Just my second day on this setup. I did check the tightness just yesterday. Still, I guess they could have come loose. I've lost a steel bolt more than once, and have still been able to ride home. Never had anything catastrophic like this happen before. I don't use lock-tite on them anymore. Just a little grease seems to snug them up real well.


----------



## veloreality (May 10, 2009)

i only use steel bolts to avoid this very situation.


----------



## CroMoHo (Oct 20, 2009)

Chainring bolts, by design, have a built in stress riser, and that combined with the added stress of chain ring torque makes aluminum or titanium a poor choice over steel. When it comes to sharp edged stress riser points such as the lip around a chain ring bolt, Alu. and Ti. fail in pretty much the exact same fashion.


----------



## crazy8 (Apr 21, 2009)

Wow, lucky you didn't break a arm off the spider. The crank looks like one of my modified 960's with a HBC ring. I use Shimano's steel bolts from the granny rings with alloy nuts but include 4 XTR alloy bolts for those who wish to save 7g and take a chance of a failure such as this. Be glad you weren't injured.


----------



## Stevob (Feb 27, 2009)

One steel chainring bolt on an aluminium chainring got me through about 50kms of a 100km race. Guess I had a good chainline.

I use loctite now.


----------



## Juanmoretime (Jul 30, 2004)

I've broken cheap no name alloy chainring bolts. If you buy higher end bolts they work well, at least I have never broke one.


----------



## 120 (Nov 20, 2009)

I went through this recently as well. Never had a problem with ti bolts...yet. Chain derailed on every climb until I sorta fixed it.


----------



## veloreality (May 10, 2009)

^^
nicely done


----------



## djriddle (Oct 6, 2008)

Never broken any chain ring bolt or had one break on a customer's bike that I handled for that matter. I really think that set up and installation are the cause of most broken chain ring bolts. I started using thread locker when I was 16 though and I wish cranks still came with those brass washers, but the gram or so those paper thin washer's weigh is too much for... someone, I guess.


----------



## ISuckAtRiding (Jul 7, 2006)

the problem with the m960's and most xtr's for that matter is that there is no lip for the chainring to center on like stevob's and 120's (and 95% of other) cranks have. so when the bolts are missing, the chainring is allowed to flex until it breaks, instead of stopping when it hits the lip. It's no problem at all as long as your bolts are tight and in place, but it is a slight downside to these otherwise awesome cranks. Like crazy8 said, it's fortunate that the ears of the crank didnt break off, we've seen that before.


----------



## ISuckAtRiding (Jul 7, 2006)

Stevob said:


> One steel chainring bolt on an aluminium chainring got me through about 50kms of a 100km race. Guess I had a good chainline.
> 
> I use loctite now.


yea, good chainline for sure! 
that happened to me on my cross bike (36t 5x110bcd). I kept hearing this noise and never stopped to think about it. When i got to a point where i was waiting for a friend, i looked down and noticed it and nursed it back to the car. I cant believe i didnt taco it, any bit of side pressure probably would have done it, especially a ring that big.
I had just made that chainring, and i rushed to get it on the crank before the ride. I guess i didnt do such a good job tightening the bolts!
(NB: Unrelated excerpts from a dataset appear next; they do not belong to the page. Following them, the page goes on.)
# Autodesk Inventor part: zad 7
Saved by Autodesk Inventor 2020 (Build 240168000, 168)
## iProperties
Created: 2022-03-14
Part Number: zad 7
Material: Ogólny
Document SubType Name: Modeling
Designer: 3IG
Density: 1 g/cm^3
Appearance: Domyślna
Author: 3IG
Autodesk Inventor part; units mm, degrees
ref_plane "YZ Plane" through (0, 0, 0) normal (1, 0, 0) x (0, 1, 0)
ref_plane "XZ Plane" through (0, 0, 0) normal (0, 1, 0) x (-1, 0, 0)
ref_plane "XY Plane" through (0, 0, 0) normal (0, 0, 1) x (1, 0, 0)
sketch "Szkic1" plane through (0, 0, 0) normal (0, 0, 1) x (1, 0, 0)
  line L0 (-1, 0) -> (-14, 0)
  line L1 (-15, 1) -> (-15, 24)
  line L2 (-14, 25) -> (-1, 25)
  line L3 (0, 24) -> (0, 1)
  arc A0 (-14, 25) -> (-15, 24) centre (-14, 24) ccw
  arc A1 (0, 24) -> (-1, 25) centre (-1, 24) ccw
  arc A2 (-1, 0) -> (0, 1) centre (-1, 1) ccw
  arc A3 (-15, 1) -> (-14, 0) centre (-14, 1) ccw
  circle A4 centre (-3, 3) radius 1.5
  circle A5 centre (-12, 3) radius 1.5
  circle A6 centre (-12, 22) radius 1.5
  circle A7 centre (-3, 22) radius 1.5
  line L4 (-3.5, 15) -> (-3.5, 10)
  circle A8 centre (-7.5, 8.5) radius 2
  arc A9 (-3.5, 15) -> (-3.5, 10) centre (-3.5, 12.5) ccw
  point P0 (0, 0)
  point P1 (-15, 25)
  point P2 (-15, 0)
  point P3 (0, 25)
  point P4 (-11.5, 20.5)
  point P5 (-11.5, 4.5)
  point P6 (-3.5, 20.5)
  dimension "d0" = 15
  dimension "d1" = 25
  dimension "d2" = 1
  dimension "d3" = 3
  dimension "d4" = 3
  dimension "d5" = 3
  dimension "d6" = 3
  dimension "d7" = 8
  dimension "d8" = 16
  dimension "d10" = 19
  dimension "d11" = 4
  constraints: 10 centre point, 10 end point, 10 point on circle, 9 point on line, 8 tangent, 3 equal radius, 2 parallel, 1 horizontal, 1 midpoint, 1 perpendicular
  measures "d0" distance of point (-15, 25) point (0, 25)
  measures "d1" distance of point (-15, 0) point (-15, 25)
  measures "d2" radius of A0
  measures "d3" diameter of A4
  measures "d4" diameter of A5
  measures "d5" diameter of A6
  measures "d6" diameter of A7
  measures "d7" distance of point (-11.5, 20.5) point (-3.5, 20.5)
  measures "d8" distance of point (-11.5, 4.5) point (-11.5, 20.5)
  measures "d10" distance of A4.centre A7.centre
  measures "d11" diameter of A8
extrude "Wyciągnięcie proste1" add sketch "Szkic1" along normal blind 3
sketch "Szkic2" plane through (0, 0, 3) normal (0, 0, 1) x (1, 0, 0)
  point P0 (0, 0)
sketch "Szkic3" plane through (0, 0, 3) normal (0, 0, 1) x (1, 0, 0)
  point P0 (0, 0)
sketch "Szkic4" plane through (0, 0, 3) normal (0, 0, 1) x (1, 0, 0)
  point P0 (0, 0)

btw, is that chain a k810-sl?


----------



## Stevob (Feb 27, 2009)

ISuckAtRiding said:


> btw, is that chain a k810-sl?


KMC 710SL I think. Back then I'd just started using the Kickass cog which is 1/8


----------



## ISuckAtRiding (Jul 7, 2006)

Stevob said:


> KMC 710SL I think. Back then I'd just started using the Kickass cog which is 1/8


sounds about right, it just looked like a 3/32" in the pic. the 810's are a bit rare which is why i asked.


----------



## Stevob (Feb 27, 2009)

That chainring is 3/32", but the cog is 1/8". I've since ordered a custom 1/8" 33t chainring from Cycle Underground here in Oz.


----------



## Tone No Balone (Dec 11, 2004)

sans chainring bolts.....


----------



## crazy8 (Apr 21, 2009)

I've never found it necessary to use thread lock on ring bolts, but I always dress them with a touch of anti-seize that will lubricate the threads. I believe it helps to achieve a more accurate torque. On a SS set-up using steel bolts and alloy nuts I torque to 95 in/lb which is the high end of specs, but they won't be loosening. 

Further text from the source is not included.